---------- Provided information ----------

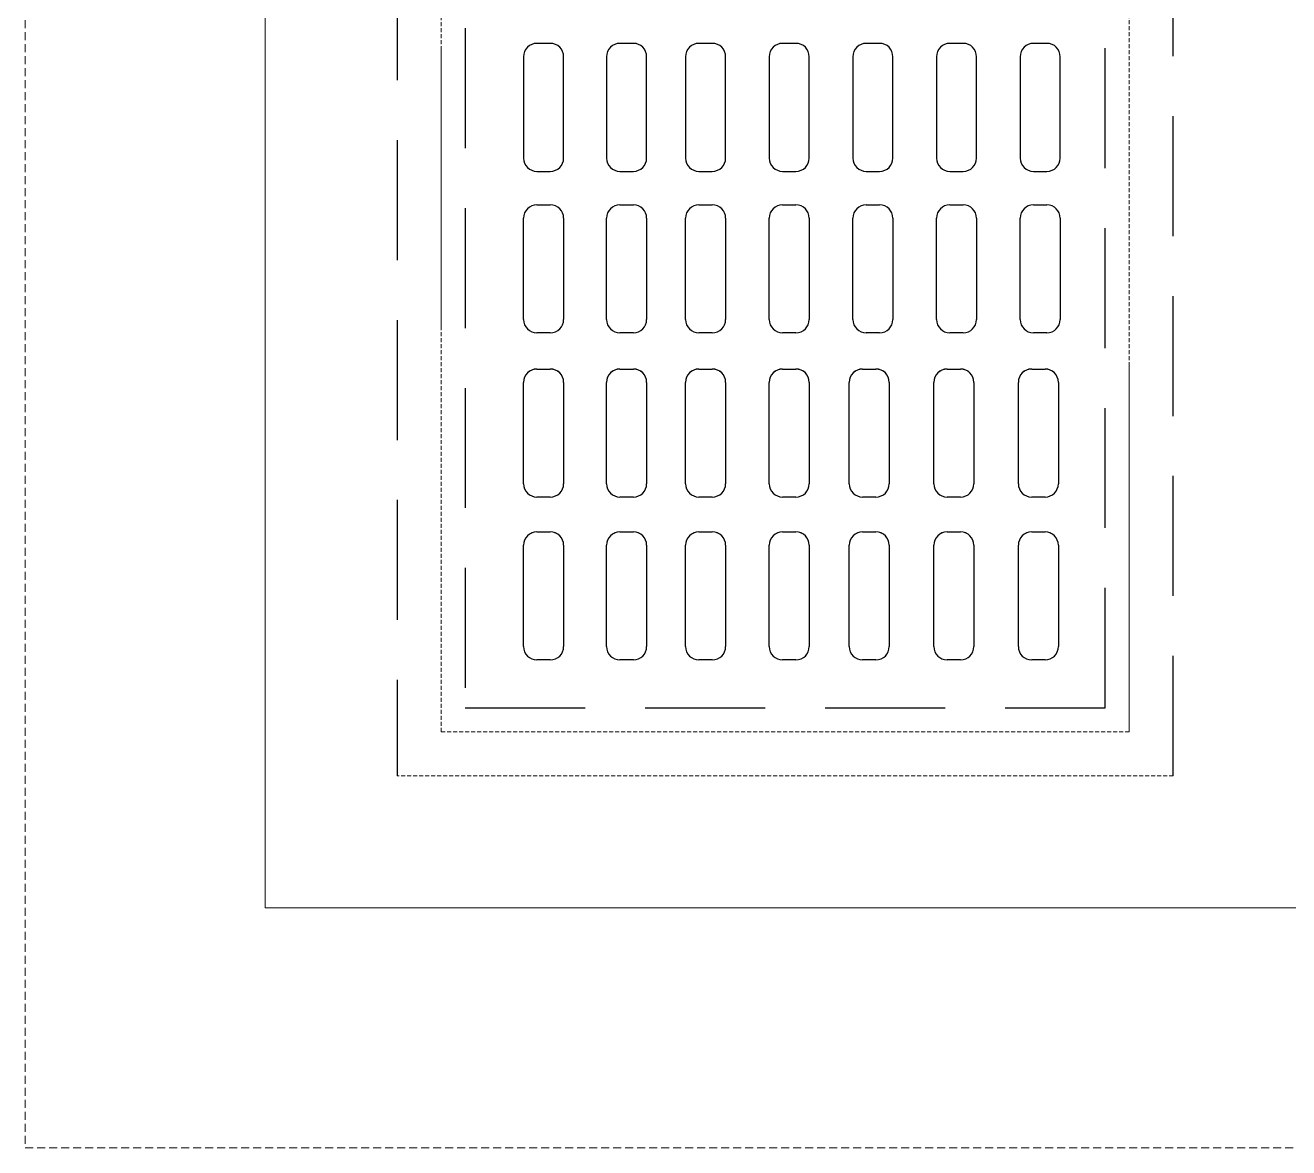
# Model space of a CAD drawing. Header units: inches. Extents: x 65856 to 131389, y 84027 to 134980.
# Drawn here: x 108687 to 109476, y 102311 to 103013 of the extents above; entities that cross this region are included whole.
import ezdxf

# ---------------------------------------------------------------- set-up
doc = ezdxf.new("R2010")
doc.units = ezdxf.units.IN
doc.header["$MEASUREMENT"] = 0
doc.linetypes.add('HIDDEN', pattern=[0.375, 0.25, -0.125])
doc.linetypes.add('HIDDENX2', pattern=[0.75, 0.5, -0.25])
doc.layers.add('DIM', color=251, linetype='Continuous', lineweight=0)
doc.layers.add('M-X-BKGD', color=8, linetype='Continuous')

# ---------------------------------------------------------------- blocks, each defined once
blk = doc.blocks.new('123')
at = {"layer": 'DIM', "linetype": 'HIDDEN', "lineweight": 0, "ltscale": 10}
blk.add_line((-776238.39, -1054043.7), (-776238.39, -1053558.7), dxfattribs=at)
blk.add_line((-776238.39, -1054043.7), (-776238.39, -1053558.7), dxfattribs=at)
at = {"layer": 'DIM'}
for p, q in [((-776157.59, -1053637.67), (-776094.2, -1053637.67)), ((-776157.59, -1053637.67), (-776094.2, -1053637.67)), ((-776055.73, -1053637.67), (-775992.35, -1053637.67)), ((-776055.73, -1053637.67), (-775992.35, -1053637.67)), ((-775953.05, -1053637.67), (-775889.66, -1053637.67)), ((-775953.05, -1053637.67), (-775889.66, -1053637.67)), ((-775788.73, -1053637.67), (-775852.12, -1053637.67)), ((-775788.73, -1053637.67), (-775852.12, -1053637.67)), ((-776165.89, -1053654.36), (-776165.89, -1053645.97)), ((-776165.89, -1053654.36), (-776165.89, -1053645.97)), ((-776085.89, -1053645.97), (-776085.89, -1053654.36)), ((-776085.89, -1053645.97), (-776085.89, -1053654.36)), ((-776064.04, -1053654.36), (-776064.04, -1053645.97)), ((-776064.04, -1053654.36), (-776064.04, -1053645.97)), ((-775984.04, -1053645.97), (-775984.04, -1053654.36)), ((-775984.04, -1053645.97), (-775984.04, -1053654.36)), ((-775961.35, -1053654.36), (-775961.35, -1053645.97)), ((-775961.35, -1053654.36), (-775961.35, -1053645.97)), ((-775881.35, -1053645.97), (-775881.35, -1053654.36)), ((-775881.35, -1053645.97), (-775881.35, -1053654.36)), ((-775860.43, -1053645.97), (-775860.43, -1053654.36)), ((-775860.43, -1053645.97), (-775860.43, -1053654.36)), ((-775780.43, -1053654.36), (-775780.43, -1053645.97)), ((-775780.43, -1053654.36), (-775780.43, -1053645.97)), ((-776094.2, -1053662.67), (-776157.59, -1053662.67)), ((-776094.2, -1053662.67), (-776157.59, -1053662.67)), ((-775992.35, -1053662.67), (-776055.73, -1053662.67)), ((-775992.35, -1053662.67), (-776055.73, -1053662.67)), ((-775889.66, -1053662.67), (-775953.05, -1053662.67)), ((-775889.66, -1053662.67), (-775953.05, -1053662.67)), ((-775852.12, -1053662.67), (-775788.73, -1053662.67)), ((-775852.12, -1053662.67), (-775788.73, -1053662.67)), ((-776157.59, -1053689.56), (-776094.2, -1053689.56)), ((-776157.59, -1053689.56), (-776094.2, -1053689.56)), ((-776055.73, -1053689.56), (-775992.35, -1053689.56)), ((-776055.73, -1053689.56), (-775992.35, -1053689.56)), ((-775953.05, -1053689.56), (-775889.66, -1053689.56)), ((-775953.05, -1053689.56), (-775889.66, -1053689.56)), ((-775788.73, -1053689.56), (-775852.12, -1053689.56)), ((-775788.73, -1053689.56), (-775852.12, -1053689.56)), ((-776165.89, -1053706.25), (-776165.89, -1053697.86)), ((-776165.89, -1053706.25), (-776165.89, -1053697.86)), ((-776085.89, -1053697.86), (-776085.89, -1053706.25)), ((-776085.89, -1053697.86), (-776085.89, -1053706.25)), ((-776064.04, -1053706.25), (-776064.04, -1053697.86)), ((-776064.04, -1053706.25), (-776064.04, -1053697.86)), ((-775984.04, -1053697.86), (-775984.04, -1053706.25)), ((-775984.04, -1053697.86), (-775984.04, -1053706.25)), ((-775961.35, -1053706.25), (-775961.35, -1053697.86)), ((-775961.35, -1053706.25), (-775961.35, -1053697.86)), ((-775881.35, -1053697.86), (-775881.35, -1053706.25)), ((-775881.35, -1053697.86), (-775881.35, -1053706.25)), ((-775860.43, -1053697.86), (-775860.43, -1053706.25)), ((-775860.43, -1053697.86), (-775860.43, -1053706.25)), ((-775780.43, -1053706.25), (-775780.43, -1053697.86)), ((-775780.43, -1053706.25), (-775780.43, -1053697.86)), ((-776094.2, -1053714.56), (-776157.59, -1053714.56)), ((-776094.2, -1053714.56), (-776157.59, -1053714.56)), ((-775992.35, -1053714.56), (-776055.73, -1053714.56)), ((-775992.35, -1053714.56), (-776055.73, -1053714.56)), ((-775889.66, -1053714.56), (-775953.05, -1053714.56)), ((-775889.66, -1053714.56), (-775953.05, -1053714.56)), ((-775852.12, -1053714.56), (-775788.73, -1053714.56)), ((-775852.12, -1053714.56), (-775788.73, -1053714.56)), ((-776157.59, -1053738.91), (-776094.2, -1053738.91)), ((-776157.59, -1053738.91), (-776094.2, -1053738.91)), ((-776055.73, -1053738.91), (-775992.35, -1053738.91)), ((-776055.73, -1053738.91), (-775992.35, -1053738.91)), ((-775953.05, -1053738.91), (-775889.66, -1053738.91)), ((-775953.05, -1053738.91), (-775889.66, -1053738.91)), ((-775788.73, -1053738.91), (-775852.12, -1053738.91)), ((-775788.73, -1053738.91), (-775852.12, -1053738.91)), ((-776165.89, -1053755.61), (-776165.89, -1053747.22)), ((-776165.89, -1053755.61), (-776165.89, -1053747.22)), ((-776085.89, -1053747.22), (-776085.89, -1053755.61)), ((-776085.89, -1053747.22), (-776085.89, -1053755.61)), ((-776064.04, -1053755.61), (-776064.04, -1053747.22)), ((-776064.04, -1053755.61), (-776064.04, -1053747.22)), ((-775984.04, -1053747.22), (-775984.04, -1053755.61)), ((-775984.04, -1053747.22), (-775984.04, -1053755.61)), ((-775961.35, -1053755.61), (-775961.35, -1053747.22)), ((-775961.35, -1053755.61), (-775961.35, -1053747.22)), ((-775881.35, -1053747.22), (-775881.35, -1053755.61)), ((-775881.35, -1053747.22), (-775881.35, -1053755.61)), ((-775860.43, -1053747.22), (-775860.43, -1053755.61)), ((-775860.43, -1053747.22), (-775860.43, -1053755.61)), ((-775780.43, -1053755.61), (-775780.43, -1053747.22)), ((-775780.43, -1053755.61), (-775780.43, -1053747.22)), ((-776094.2, -1053763.91), (-776157.59, -1053763.91)), ((-776094.2, -1053763.91), (-776157.59, -1053763.91)), ((-775992.35, -1053763.91), (-776055.73, -1053763.91)), ((-775992.35, -1053763.91), (-776055.73, -1053763.91)), ((-775889.66, -1053763.91), (-775953.05, -1053763.91)), ((-775889.66, -1053763.91), (-775953.05, -1053763.91)), ((-775852.12, -1053763.91), (-775788.73, -1053763.91)), ((-775852.12, -1053763.91), (-775788.73, -1053763.91)), ((-776157.59, -1053791.2), (-776094.2, -1053791.2)), ((-776157.59, -1053791.2), (-776094.2, -1053791.2)), ((-776055.73, -1053791.2), (-775992.35, -1053791.2)), ((-776055.73, -1053791.2), (-775992.35, -1053791.2)), ((-775953.05, -1053791.2), (-775889.66, -1053791.2)), ((-775953.05, -1053791.2), (-775889.66, -1053791.2)), ((-775788.73, -1053791.2), (-775852.12, -1053791.2)), ((-775788.73, -1053791.2), (-775852.12, -1053791.2)), ((-776165.89, -1053807.89), (-776165.89, -1053799.5)), ((-776165.89, -1053807.89), (-776165.89, -1053799.5)), ((-776085.89, -1053799.5), (-776085.89, -1053807.89)), ((-776085.89, -1053799.5), (-776085.89, -1053807.89)), ((-776064.04, -1053807.89), (-776064.04, -1053799.5)), ((-776064.04, -1053807.89), (-776064.04, -1053799.5)), ((-775984.04, -1053799.5), (-775984.04, -1053807.89)), ((-775984.04, -1053799.5), (-775984.04, -1053807.89)), ((-775961.35, -1053807.89), (-775961.35, -1053799.5)), ((-775961.35, -1053807.89), (-775961.35, -1053799.5)), ((-775881.35, -1053799.5), (-775881.35, -1053807.89)), ((-775881.35, -1053799.5), (-775881.35, -1053807.89)), ((-775860.43, -1053799.5), (-775860.43, -1053807.89)), ((-775860.43, -1053799.5), (-775860.43, -1053807.89)), ((-775780.43, -1053807.89), (-775780.43, -1053799.5)), ((-775780.43, -1053807.89), (-775780.43, -1053799.5)), ((-776094.2, -1053816.2), (-776157.59, -1053816.2)), ((-776094.2, -1053816.2), (-776157.59, -1053816.2)), ((-775992.35, -1053816.2), (-776055.73, -1053816.2)), ((-775992.35, -1053816.2), (-776055.73, -1053816.2)), ((-775889.66, -1053816.2), (-775953.05, -1053816.2)), ((-775889.66, -1053816.2), (-775953.05, -1053816.2)), ((-775852.12, -1053816.2), (-775788.73, -1053816.2)), ((-775852.12, -1053816.2), (-775788.73, -1053816.2)), ((-776157.59, -1053841.2), (-776094.2, -1053841.2)), ((-776157.59, -1053841.2), (-776094.2, -1053841.2)), ((-776055.73, -1053841.2), (-775992.35, -1053841.2)), ((-776055.73, -1053841.2), (-775992.35, -1053841.2)), ((-775953.05, -1053843.48), (-775889.66, -1053843.48)), ((-775953.05, -1053843.48), (-775889.66, -1053843.48)), ((-775788.73, -1053843.48), (-775852.12, -1053843.48)), ((-775788.73, -1053843.48), (-775852.12, -1053843.48)), ((-776165.89, -1053857.89), (-776165.89, -1053849.5)), ((-776165.89, -1053857.89), (-776165.89, -1053849.5)), ((-776085.89, -1053849.5), (-776085.89, -1053857.89)), ((-776085.89, -1053849.5), (-776085.89, -1053857.89)), ((-776064.04, -1053857.89), (-776064.04, -1053849.5)), ((-776064.04, -1053857.89), (-776064.04, -1053849.5)), ((-775984.04, -1053849.5), (-775984.04, -1053857.89)), ((-775984.04, -1053849.5), (-775984.04, -1053857.89)), ((-775961.35, -1053860.18), (-775961.35, -1053851.79)), ((-775961.35, -1053860.18), (-775961.35, -1053851.79)), ((-775881.35, -1053851.79), (-775881.35, -1053860.18)), ((-775881.35, -1053851.79), (-775881.35, -1053860.18)), ((-775860.43, -1053851.79), (-775860.43, -1053860.18)), ((-775860.43, -1053851.79), (-775860.43, -1053860.18)), ((-775780.43, -1053860.18), (-775780.43, -1053851.79)), ((-775780.43, -1053860.18), (-775780.43, -1053851.79)), ((-776094.2, -1053866.2), (-776157.59, -1053866.2)), ((-776094.2, -1053866.2), (-776157.59, -1053866.2)), ((-775992.35, -1053866.2), (-776055.73, -1053866.2)), ((-775992.35, -1053866.2), (-776055.73, -1053866.2)), ((-775889.66, -1053868.48), (-775953.05, -1053868.48)), ((-775889.66, -1053868.48), (-775953.05, -1053868.48)), ((-775852.12, -1053868.48), (-775788.73, -1053868.48)), ((-775852.12, -1053868.48), (-775788.73, -1053868.48)), ((-776157.59, -1053894.1), (-776094.2, -1053894.1)), ((-776157.59, -1053894.1), (-776094.2, -1053894.1)), ((-776055.73, -1053894.1), (-775992.35, -1053894.1)), ((-776055.73, -1053894.1), (-775992.35, -1053894.1)), ((-775953.05, -1053895.77), (-775889.66, -1053895.77)), ((-775953.05, -1053895.77), (-775889.66, -1053895.77)), ((-775788.73, -1053895.77), (-775852.12, -1053895.77)), ((-775788.73, -1053895.77), (-775852.12, -1053895.77)), ((-776165.89, -1053910.79), (-776165.89, -1053902.4)), ((-776165.89, -1053910.79), (-776165.89, -1053902.4)), ((-776085.89, -1053902.4), (-776085.89, -1053910.79)), ((-776085.89, -1053902.4), (-776085.89, -1053910.79)), ((-776064.04, -1053910.79), (-776064.04, -1053902.4)), ((-776064.04, -1053910.79), (-776064.04, -1053902.4)), ((-775984.04, -1053902.4), (-775984.04, -1053910.79)), ((-775984.04, -1053902.4), (-775984.04, -1053910.79)), ((-775961.35, -1053912.46), (-775961.35, -1053904.07)), ((-775961.35, -1053912.46), (-775961.35, -1053904.07)), ((-775881.35, -1053904.07), (-775881.35, -1053912.46)), ((-775881.35, -1053904.07), (-775881.35, -1053912.46)), ((-775860.43, -1053904.07), (-775860.43, -1053912.46)), ((-775860.43, -1053904.07), (-775860.43, -1053912.46)), ((-775780.43, -1053912.46), (-775780.43, -1053904.07)), ((-775780.43, -1053912.46), (-775780.43, -1053904.07)), ((-776094.2, -1053919.1), (-776157.59, -1053919.1)), ((-776094.2, -1053919.1), (-776157.59, -1053919.1)), ((-775992.35, -1053919.1), (-776055.73, -1053919.1)), ((-775992.35, -1053919.1), (-776055.73, -1053919.1)), ((-775889.66, -1053920.77), (-775953.05, -1053920.77)), ((-775889.66, -1053920.77), (-775953.05, -1053920.77)), ((-775852.12, -1053920.77), (-775788.73, -1053920.77)), ((-775852.12, -1053920.77), (-775788.73, -1053920.77)), ((-776157.59, -1053946.91), (-776094.2, -1053946.91)), ((-776157.59, -1053946.91), (-776094.2, -1053946.91)), ((-776055.73, -1053946.91), (-775992.35, -1053946.91)), ((-776055.73, -1053946.91), (-775992.35, -1053946.91)), ((-775953.05, -1053948.05), (-775889.66, -1053948.05)), ((-775953.05, -1053948.05), (-775889.66, -1053948.05)), ((-775788.73, -1053948.05), (-775852.12, -1053948.05)), ((-775788.73, -1053948.05), (-775852.12, -1053948.05)), ((-776165.89, -1053963.6), (-776165.89, -1053955.22)), ((-776165.89, -1053963.6), (-776165.89, -1053955.22)), ((-776085.89, -1053955.22), (-776085.89, -1053963.6)), ((-776085.89, -1053955.22), (-776085.89, -1053963.6)), ((-776064.04, -1053963.6), (-776064.04, -1053955.22)), ((-776064.04, -1053963.6), (-776064.04, -1053955.22)), ((-775984.04, -1053955.22), (-775984.04, -1053963.6)), ((-775984.04, -1053955.22), (-775984.04, -1053963.6)), ((-775961.35, -1053964.75), (-775961.35, -1053956.36)), ((-775961.35, -1053964.75), (-775961.35, -1053956.36)), ((-775881.35, -1053956.36), (-775881.35, -1053964.75)), ((-775881.35, -1053956.36), (-775881.35, -1053964.75)), ((-775860.43, -1053956.36), (-775860.43, -1053964.75)), ((-775860.43, -1053956.36), (-775860.43, -1053964.75)), ((-775780.43, -1053964.75), (-775780.43, -1053956.36)), ((-775780.43, -1053964.75), (-775780.43, -1053956.36)), ((-776094.2, -1053971.91), (-776157.59, -1053971.91)), ((-776094.2, -1053971.91), (-776157.59, -1053971.91)), ((-775992.35, -1053971.91), (-776055.73, -1053971.91)), ((-775992.35, -1053971.91), (-776055.73, -1053971.91)), ((-775889.66, -1053973.05), (-775953.05, -1053973.05)), ((-775889.66, -1053973.05), (-775953.05, -1053973.05)), ((-775852.12, -1053973.05), (-775788.73, -1053973.05)), ((-775852.12, -1053973.05), (-775788.73, -1053973.05))]:
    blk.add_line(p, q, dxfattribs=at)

----------

**What the exercise asks:** Print only the lines from the first line of the data above through the one containing "doc.layers.add('M-X-BKGD', color=8, linetype='Continuous')", exactly as they are, with pictures omitted.

**Response to the exercise:**
# Model space of a CAD drawing. Header units: inches. Extents: x 65856 to 131389, y 84027 to 134980.
# Drawn here: x 108687 to 109476, y 102311 to 103013 of the extents above; entities that cross this region are included whole.
import ezdxf

# ---------------------------------------------------------------- set-up
doc = ezdxf.new("R2010")
doc.units = ezdxf.units.IN
doc.header["$MEASUREMENT"] = 0
doc.linetypes.add('HIDDEN', pattern=[0.375, 0.25, -0.125])
doc.linetypes.add('HIDDENX2', pattern=[0.75, 0.5, -0.25])
doc.layers.add('DIM', color=251, linetype='Continuous', lineweight=0)
doc.layers.add('M-X-BKGD', color=8, linetype='Continuous')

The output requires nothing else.